- [What is required]: Copy the result of filtering the entries below for lines that include the string "units".

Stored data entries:
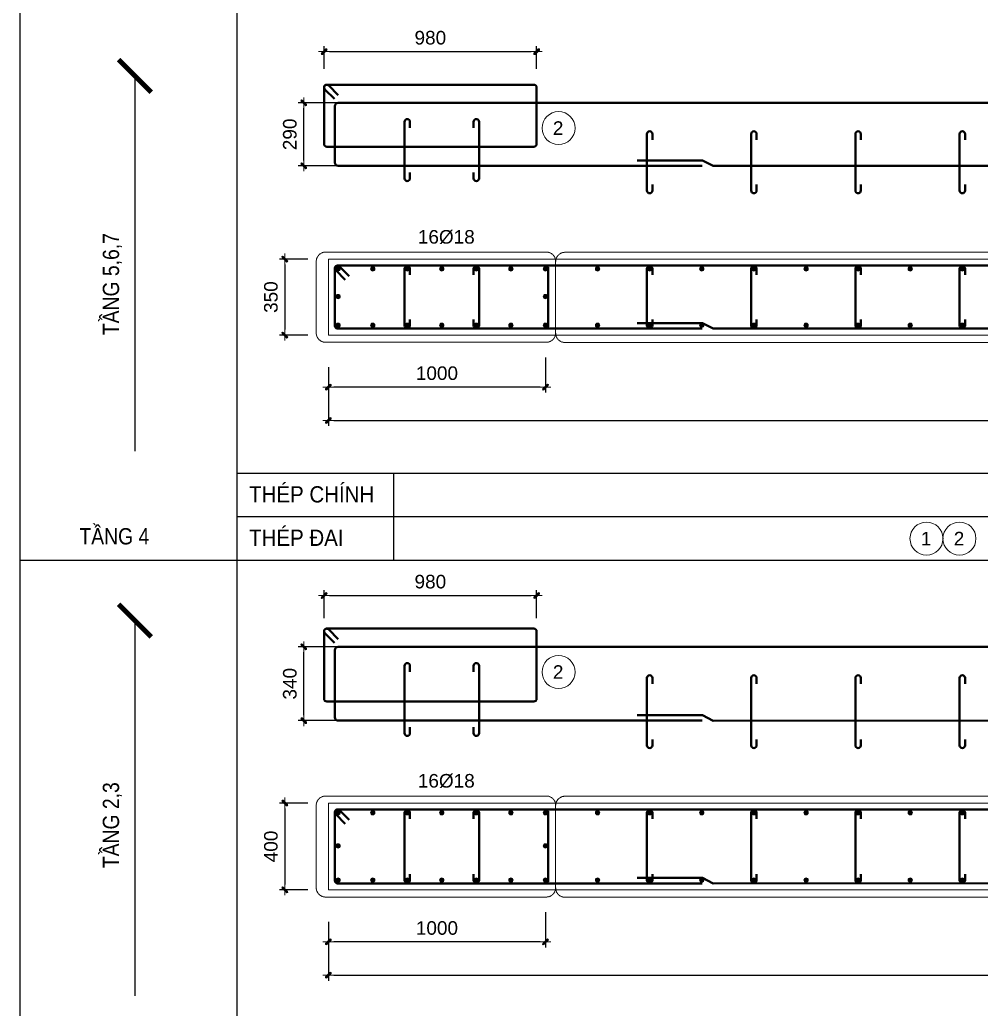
# Model space of a CAD drawing. Header units: millimetres. Extents: x -146909 to 4830753, y -683702 to -336947.
# Drawn here: x 4770398 to 4774826, y -445891 to -441334 of the extents above; entities that cross this region are included whole.
import ezdxf
from ezdxf.enums import TextEntityAlignment as Align

# ---------------------------------------------------------------- set-up
doc = ezdxf.new("R2010")
doc.units = ezdxf.units.MM
doc.header["$MEASUREMENT"] = 0
doc.linetypes.add('HIDDEN', pattern=[0.375, 0.25, -0.125])
doc.layers.get('0').update_dxf_attribs({"lineweight": 9})
doc.layers.get('Defpoints').update_dxf_attribs({"color": 10, "lineweight": 0})
for name, color, linetype, lineweight in [("'S_General_Cont_1 Thin", 1, 'Continuous', 18), ("'S_General_Text_3_Member name", 3, 'Continuous', 35), ('CDAI', 3, 'Continuous', 40), ('chunho.q', 1, 'Continuous', 13), ('CTHEP', 4, 'Continuous', 50), ('DBAO', 2, 'Continuous', 13), ('DMo', 9, 'HIDDEN', 9), ('KTH', 154, 'Continuous', 9), ('STICK', 1, 'Continuous', 9)]:
    doc.layers.add(name, color=color, linetype=linetype, lineweight=lineweight)
for name, color, linetype in [('DM', 1, 'Continuous'), ('TBL', 1, 'Continuous'), ('TX', 214, 'Continuous')]:
    doc.layers.add(name, color=color, linetype=linetype)
doc.styles.add('arial', font='arial.ttf', dxfattribs={"width": 0.85})
doc.styles.add('TTP-HelCon', font='arial.ttf')
doc.dimstyles.new('TTP-25', dxfattribs={"dimscale": 25, "dimtxt": 2.5, "dimasz": 1, "dimexe": 1, "dimexo": 1, "dimgap": 0.09, "dimtad": 0, "dimdec": 4, "dimrnd": 10, "dimzin": 9, "dimdsep": 46, "dimtxsty": 'TTP-HelCon', "dimblk": 'Stick', "dimcen": 0.09, "dimdle": 1.5, "dimclrd": 256, "dimclre": 256, "dimclrt": 1, "dimadec": 0, "dimazin": 0, "dimtfac": 1, "dimtdec": 4, "dimtmove": 0, "dimatfit": 3, "dimldrblk": 'ARCHTICK', "dimfxl": 1, "dimtvp": 1, "dimtolj": 1, "dimtzin": 0, "dimarcsym": 0})
doc.dimstyles.new('TTP-50', dxfattribs={"dimscale": 50, "dimtxt": 2.5, "dimasz": 1, "dimexe": 1, "dimexo": 1, "dimgap": 0.09, "dimtad": 0, "dimdec": 4, "dimzin": 9, "dimdsep": 46, "dimtxsty": 'arial', "dimblk": 'Stick', "dimcen": 0.09, "dimdle": 1.5, "dimclrd": 256, "dimclre": 256, "dimclrt": 1, "dimadec": 0, "dimazin": 0, "dimtfac": 1, "dimtdec": 4, "dimtmove": 0, "dimatfit": 3, "dimldrblk": 'ARCHTICK', "dimfxl": 1, "dimtvp": 1, "dimtolj": 1, "dimtzin": 0, "dimarcsym": 0})

# ---------------------------------------------------------------- blocks, each defined once
blk = doc.blocks.new('Stick')
at = {"layer": 'STICK'}
h = blk.add_hatch(color=256, dxfattribs=at)
edge = h.paths.add_edge_path()
edge.add_line((0.3, 0.5), (-0.5, -0.3))
edge.add_arc((-0.4, -0.4), 0.141, 135, 315)
edge.add_line((-0.3, -0.5), (0.5, 0.3))
edge.add_arc((0.4, 0.4), 0.141, 315, 495)
blk.add_line((1, 0), (-1, 0), dxfattribs=at)
blk.add_lwpolyline([(0.3, 0.5), (-0.5, -0.3, 1), (-0.3, -0.5), (0.5, 0.3, 1), (0.3, 0.5, 1)], format="xyb", dxfattribs=at)
blk = doc.blocks.new('sign of slab')
at = {"layer": "'S_General_Cont_1 Thin"}
blk.add_circle((-10, 0), 475, dxfattribs=at)
at = {"layer": "'S_General_Text_3_Member name", "style": 'arial'}
blk.add_attdef('S', text='', height=250, dxfattribs=at).set_placement((-23, -1), align=Align.MIDDLE_CENTER)
blk = doc.blocks.new('*D1411')
at = {"layer": 'Defpoints', "color": 0, "transparency": 16777216}
for p in [(4771705.5, -444221.7), (4771889, -444221.7), (4771889, -444561.7)]:
    blk.add_point(p, dxfattribs=at)
at = {"layer": 'KTH', "lineweight": -2, "transparency": 16777216}
for p, q in [((4771864, -444221.7), (4771680.5, -444221.7)), ((4771705.5, -444536.7), (4771705.5, -444246.7)), ((4771864, -444561.7), (4771680.5, -444561.7))]:
    blk.add_line(p, q, dxfattribs=at)
at = {"layer": 'KTH', "lineweight": -2, "transparency": 16777216, "xscale": 25, "yscale": 25, "zscale": 25}
for p, rotation in [((4771705.5, -444221.7), 90), ((4771705.5, -444561.7), 270)]:
    blk.add_blockref('Stick', p, dxfattribs=dict(at, rotation=rotation))
at = {"layer": 'KTH', "color": 1, "transparency": 16777216, "insert": (4771641.6, -444391.7), "char_height": 62.5, "attachment_point": 5, "rotation": 90, "style": 'TTP-HelCon'}
blk.add_mtext('\\A1;340', dxfattribs=at)
blk = doc.blocks.new('_ArchTick')
at = {"color": 0, "linetype": 'ByBlock', "const_width": 0.15}
blk.add_lwpolyline([(-0.5, -0.5), (0.5, 0.5)], dxfattribs=at)
blk = doc.blocks.new('*D1412')
at = {"layer": 'Defpoints', "color": 0, "transparency": 16777216}
for p in [(4772819, -445418.9), (4771819, -445463.9), (4771819, -445580.7)]:
    blk.add_point(p, dxfattribs=at)
at = {"layer": 'KTH', "lineweight": -2, "transparency": 16777216}
for p, q in [((4772819, -445443.9), (4772819, -445605.7)), ((4771819, -445488.9), (4771819, -445605.7)), ((4772794, -445580.7), (4771844, -445580.7))]:
    blk.add_line(p, q, dxfattribs=at)
at = {"layer": 'KTH', "lineweight": -2, "transparency": 16777216, "xscale": 25, "yscale": 25, "zscale": 25, "rotation": 180}
blk.add_blockref('Stick', (4771819, -445580.7), dxfattribs=at)
at = {"layer": 'KTH', "lineweight": -2, "transparency": 16777216, "xscale": 25, "yscale": 25, "zscale": 25}
blk.add_blockref('Stick', (4772819, -445580.7), dxfattribs=at)
at = {"layer": 'KTH', "color": 1, "transparency": 16777216, "insert": (4772319, -445516.9), "char_height": 62.5, "attachment_point": 5, "style": 'TTP-HelCon'}
blk.add_mtext('\\A1;1000', dxfattribs=at)
blk = doc.blocks.new('*D1413')
at = {"layer": 'Defpoints', "color": 0, "transparency": 16777216}
for p in [(4771819, -445527.8), (4778619, -445586.3), (4778619, -445734.2)]:
    blk.add_point(p, dxfattribs=at)
at = {"layer": 'KTH', "lineweight": -2, "transparency": 16777216}
for p, q in [((4771819, -445552.8), (4771819, -445759.2)), ((4778619, -445611.3), (4778619, -445759.2)), ((4771844, -445734.2), (4778594, -445734.2))]:
    blk.add_line(p, q, dxfattribs=at)
at = {"layer": 'KTH', "lineweight": -2, "transparency": 16777216, "xscale": 25, "yscale": 25, "zscale": 25, "rotation": 180}
blk.add_blockref('Stick', (4771819, -445734.2), dxfattribs=at)
at = {"layer": 'KTH', "lineweight": -2, "transparency": 16777216, "xscale": 25, "yscale": 25, "zscale": 25}
blk.add_blockref('Stick', (4778619, -445734.2), dxfattribs=at)
at = {"layer": 'KTH', "color": 1, "transparency": 16777216, "insert": (4775219, -445670.4), "char_height": 62.5, "attachment_point": 5, "style": 'TTP-HelCon'}
blk.add_mtext('\\A1;6800', dxfattribs=at)
blk = doc.blocks.new('*U1392')
at = {"layer": 'CTHEP', "ltscale": 0.02, "const_width": 10}
blk.add_lwpolyline([(0, 5, -1), (0, -5, -1)], format="xyb", close=True, dxfattribs=at)
at = {"layer": 'Defpoints', "color": 1}
blk.add_circle((0, 0), 10, dxfattribs=at)
blk = doc.blocks.new('*U1393')
at = {"layer": 'CDAI', "color": 0, "linetype": 'ByBlock', "lineweight": -2, "transparency": 16777216}
for p in [(0, 0), (159.2, 0), (318.3, 0), (477.5, 0), (636.7, 0), (795.8, 0)]:
    blk.add_blockref('*U1392', p, dxfattribs=at)
blk = doc.blocks.new('*D1417')
at = {"layer": 'Defpoints', "color": 0, "transparency": 16777216}
for p in [(4771748.8, -444941.1), (4771618.3, -445341.1), (4771748.8, -445341.1)]:
    blk.add_point(p, dxfattribs=at)
at = {"layer": 'KTH', "lineweight": -2, "transparency": 16777216}
for p, q in [((4771723.8, -444941.1), (4771593.3, -444941.1)), ((4771618.3, -444966.1), (4771618.3, -445316.1)), ((4771723.8, -445341.1), (4771593.3, -445341.1))]:
    blk.add_line(p, q, dxfattribs=at)
at = {"layer": 'KTH', "lineweight": -2, "transparency": 16777216, "xscale": 25, "yscale": 25, "zscale": 25}
for p, rotation in [((4771618.3, -444941.1), 90), ((4771618.3, -445341.1), 270)]:
    blk.add_blockref('Stick', p, dxfattribs=dict(at, rotation=rotation))
at = {"layer": 'KTH', "color": 1, "transparency": 16777216, "insert": (4771554.5, -445141.1), "char_height": 62.5, "attachment_point": 5, "rotation": 90, "style": 'TTP-HelCon'}
blk.add_mtext('\\A1;400', dxfattribs=at)
blk = doc.blocks.new('*U1394')
at = {"layer": 'CTHEP', "ltscale": 0.02, "const_width": 10}
blk.add_lwpolyline([(0, 5, -1), (0, -5, -1)], format="xyb", close=True, dxfattribs=at)
at = {"layer": 'Defpoints', "color": 1}
blk.add_circle((0, 0), 10, dxfattribs=at)
blk = doc.blocks.new('*U1402')
at = {"layer": 'CDAI', "color": 0, "linetype": 'ByBlock', "lineweight": -2, "transparency": 16777216}
blk.add_blockref('*U1394', (0, 0), dxfattribs=at)
blk = doc.blocks.new('*U1390')
at = {"layer": 'CTHEP', "ltscale": 0.02, "const_width": 10}
blk.add_lwpolyline([(0, 5, -1), (0, -5, -1)], format="xyb", close=True, dxfattribs=at)
at = {"layer": 'Defpoints', "color": 1}
blk.add_circle((0, 0), 10, dxfattribs=at)
blk = doc.blocks.new('*U1391')
at = {"layer": 'CDAI', "color": 0, "linetype": 'ByBlock', "lineweight": -2, "transparency": 16777216}
blk.add_blockref('*U1390', (0, 0), dxfattribs=at)
blk = doc.blocks.new('*U1408')
at = {"layer": 'CTHEP', "ltscale": 0.02, "const_width": 10}
blk.add_lwpolyline([(0, 5, -1), (0, -5, -1)], format="xyb", close=True, dxfattribs=at)
at = {"layer": 'Defpoints', "color": 1}
blk.add_circle((0, 0), 10, dxfattribs=at)
blk = doc.blocks.new('*U1409')
at = {"layer": 'CDAI', "color": 0, "linetype": 'ByBlock', "lineweight": -2, "transparency": 16777216}
for p in [(0, 0), (240, 0), (480, 0), (720, 0), (960, 0), (1200, 0), (1440, 0), (1680, 0), (1920, 0)]:
    blk.add_blockref('*U1408', p, dxfattribs=at)
blk = doc.blocks.new('*D1418')
at = {"layer": 'Defpoints', "color": 0, "transparency": 16777216}
for p in [(4772778.2, -443985.8), (4771799.2, -444114.9), (4772778.2, -444114.9)]:
    blk.add_point(p, dxfattribs=at)
at = {"layer": 'KTH', "lineweight": -2, "transparency": 16777216}
for p, q in [((4771799.2, -444089.9), (4771799.2, -443960.8)), ((4771824.2, -443985.8), (4772753.2, -443985.8)), ((4772778.2, -444089.9), (4772778.2, -443960.8))]:
    blk.add_line(p, q, dxfattribs=at)
at = {"layer": 'KTH', "lineweight": -2, "transparency": 16777216, "xscale": 25, "yscale": 25, "zscale": 25, "rotation": 180}
blk.add_blockref('Stick', (4771799.2, -443985.8), dxfattribs=at)
at = {"layer": 'KTH', "lineweight": -2, "transparency": 16777216, "xscale": 25, "yscale": 25, "zscale": 25}
blk.add_blockref('Stick', (4772778.2, -443985.8), dxfattribs=at)
at = {"layer": 'KTH', "color": 1, "transparency": 16777216, "insert": (4772288.7, -443921.9), "char_height": 62.5, "attachment_point": 5, "style": 'TTP-HelCon'}
blk.add_mtext('\\A1;980', dxfattribs=at)
blk = doc.blocks.new('*U1403')
at = {"layer": 'CTHEP', "ltscale": 0.02, "const_width": 10}
blk.add_lwpolyline([(0, 5, -1), (0, -5, -1)], format="xyb", close=True, dxfattribs=at)
at = {"layer": 'Defpoints', "color": 1}
blk.add_circle((0, 0), 10, dxfattribs=at)
blk = doc.blocks.new('*U1397')
at = {"layer": 'CDAI', "color": 0, "linetype": 'ByBlock', "lineweight": -2, "transparency": 16777216}
for p in [(0, 0), (159.2, 0), (318.3, 0), (477.5, 0), (636.7, 0), (795.8, 0), (955, 0)]:
    blk.add_blockref('*U1403', p, dxfattribs=at)
blk = doc.blocks.new('*U1395')
at = {"layer": 'CTHEP', "ltscale": 0.02, "const_width": 10}
blk.add_lwpolyline([(0, 5, -1), (0, -5, -1)], format="xyb", close=True, dxfattribs=at)
at = {"layer": 'Defpoints', "color": 1}
blk.add_circle((0, 0), 10, dxfattribs=at)
blk = doc.blocks.new('*U1396')
at = {"layer": 'CDAI', "color": 0, "linetype": 'ByBlock', "lineweight": -2, "transparency": 16777216}
for p in [(0, 0), (240, 0), (480, 0), (720, 0), (960, 0), (1200, 0), (1440, 0), (1680, 0), (1920, 0)]:
    blk.add_blockref('*U1395', p, dxfattribs=at)
blk = doc.blocks.new('*D1440')
at = {"layer": 'Defpoints', "color": 0, "transparency": 16777216}
for p in [(4771705.5, -441716.7), (4771889, -441716.7), (4771889, -442006.7)]:
    blk.add_point(p, dxfattribs=at)
at = {"layer": 'KTH', "lineweight": -2, "transparency": 16777216}
for p, q in [((4771864, -441716.7), (4771680.5, -441716.7)), ((4771705.5, -441981.7), (4771705.5, -441741.7)), ((4771864, -442006.7), (4771680.5, -442006.7))]:
    blk.add_line(p, q, dxfattribs=at)
at = {"layer": 'KTH', "lineweight": -2, "transparency": 16777216, "xscale": 25, "yscale": 25, "zscale": 25}
for p, rotation in [((4771705.5, -441716.7), 90), ((4771705.5, -442006.7), 270)]:
    blk.add_blockref('Stick', p, dxfattribs=dict(at, rotation=rotation))
at = {"layer": 'KTH', "color": 1, "transparency": 16777216, "insert": (4771641.6, -441861.7), "char_height": 62.5, "attachment_point": 5, "rotation": 90, "style": 'TTP-HelCon'}
blk.add_mtext('\\A1;290', dxfattribs=at)
blk = doc.blocks.new('*D1441')
at = {"layer": 'Defpoints', "color": 0, "transparency": 16777216}
for p in [(4772819, -442863.9), (4771819, -442908.9), (4771819, -443025.7)]:
    blk.add_point(p, dxfattribs=at)
at = {"layer": 'KTH', "lineweight": -2, "transparency": 16777216}
for p, q in [((4772819, -442888.9), (4772819, -443050.7)), ((4771819, -442933.9), (4771819, -443050.7)), ((4772794, -443025.7), (4771844, -443025.7))]:
    blk.add_line(p, q, dxfattribs=at)
at = {"layer": 'KTH', "lineweight": -2, "transparency": 16777216, "xscale": 25, "yscale": 25, "zscale": 25, "rotation": 180}
blk.add_blockref('Stick', (4771819, -443025.7), dxfattribs=at)
at = {"layer": 'KTH', "lineweight": -2, "transparency": 16777216, "xscale": 25, "yscale": 25, "zscale": 25}
blk.add_blockref('Stick', (4772819, -443025.7), dxfattribs=at)
at = {"layer": 'KTH', "color": 1, "transparency": 16777216, "insert": (4772319, -442961.9), "char_height": 62.5, "attachment_point": 5, "style": 'TTP-HelCon'}
blk.add_mtext('\\A1;1000', dxfattribs=at)
blk = doc.blocks.new('*D1442')
at = {"layer": 'Defpoints', "color": 0, "transparency": 16777216}
for p in [(4771819, -442972.8), (4778619, -443031.3), (4778619, -443179.2)]:
    blk.add_point(p, dxfattribs=at)
at = {"layer": 'KTH', "lineweight": -2, "transparency": 16777216}
for p, q in [((4771819, -442997.8), (4771819, -443204.2)), ((4778619, -443056.3), (4778619, -443204.2)), ((4771844, -443179.2), (4778594, -443179.2))]:
    blk.add_line(p, q, dxfattribs=at)
at = {"layer": 'KTH', "lineweight": -2, "transparency": 16777216, "xscale": 25, "yscale": 25, "zscale": 25, "rotation": 180}
blk.add_blockref('Stick', (4771819, -443179.2), dxfattribs=at)
at = {"layer": 'KTH', "lineweight": -2, "transparency": 16777216, "xscale": 25, "yscale": 25, "zscale": 25}
blk.add_blockref('Stick', (4778619, -443179.2), dxfattribs=at)
at = {"layer": 'KTH', "color": 1, "transparency": 16777216, "insert": (4775219, -443115.4), "char_height": 62.5, "attachment_point": 5, "style": 'TTP-HelCon'}
blk.add_mtext('\\A1;6800', dxfattribs=at)
blk = doc.blocks.new('*U1421')
at = {"layer": 'CTHEP', "ltscale": 0.02, "const_width": 10}
blk.add_lwpolyline([(0, 5, -1), (0, -5, -1)], format="xyb", close=True, dxfattribs=at)
at = {"layer": 'Defpoints', "color": 1}
blk.add_circle((0, 0), 10, dxfattribs=at)
blk = doc.blocks.new('*U1422')
at = {"layer": 'CDAI', "color": 0, "linetype": 'ByBlock', "lineweight": -2, "transparency": 16777216}
for p in [(0, 0), (159.2, 0), (318.3, 0), (477.5, 0), (636.7, 0), (795.8, 0)]:
    blk.add_blockref('*U1421', p, dxfattribs=at)
blk = doc.blocks.new('*D1446')
at = {"layer": 'Defpoints', "color": 0, "transparency": 16777216}
for p in [(4771748.8, -442436.1), (4771618.3, -442786.1), (4771748.8, -442786.1)]:
    blk.add_point(p, dxfattribs=at)
at = {"layer": 'KTH', "lineweight": -2, "transparency": 16777216}
for p, q in [((4771723.8, -442436.1), (4771593.3, -442436.1)), ((4771618.3, -442461.1), (4771618.3, -442761.1)), ((4771723.8, -442786.1), (4771593.3, -442786.1))]:
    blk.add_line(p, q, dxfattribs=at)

- [Output of the exercise]:
# Model space of a CAD drawing. Header units: millimetres. Extents: x -146909 to 4830753, y -683702 to -336947.
doc.units = ezdxf.units.MM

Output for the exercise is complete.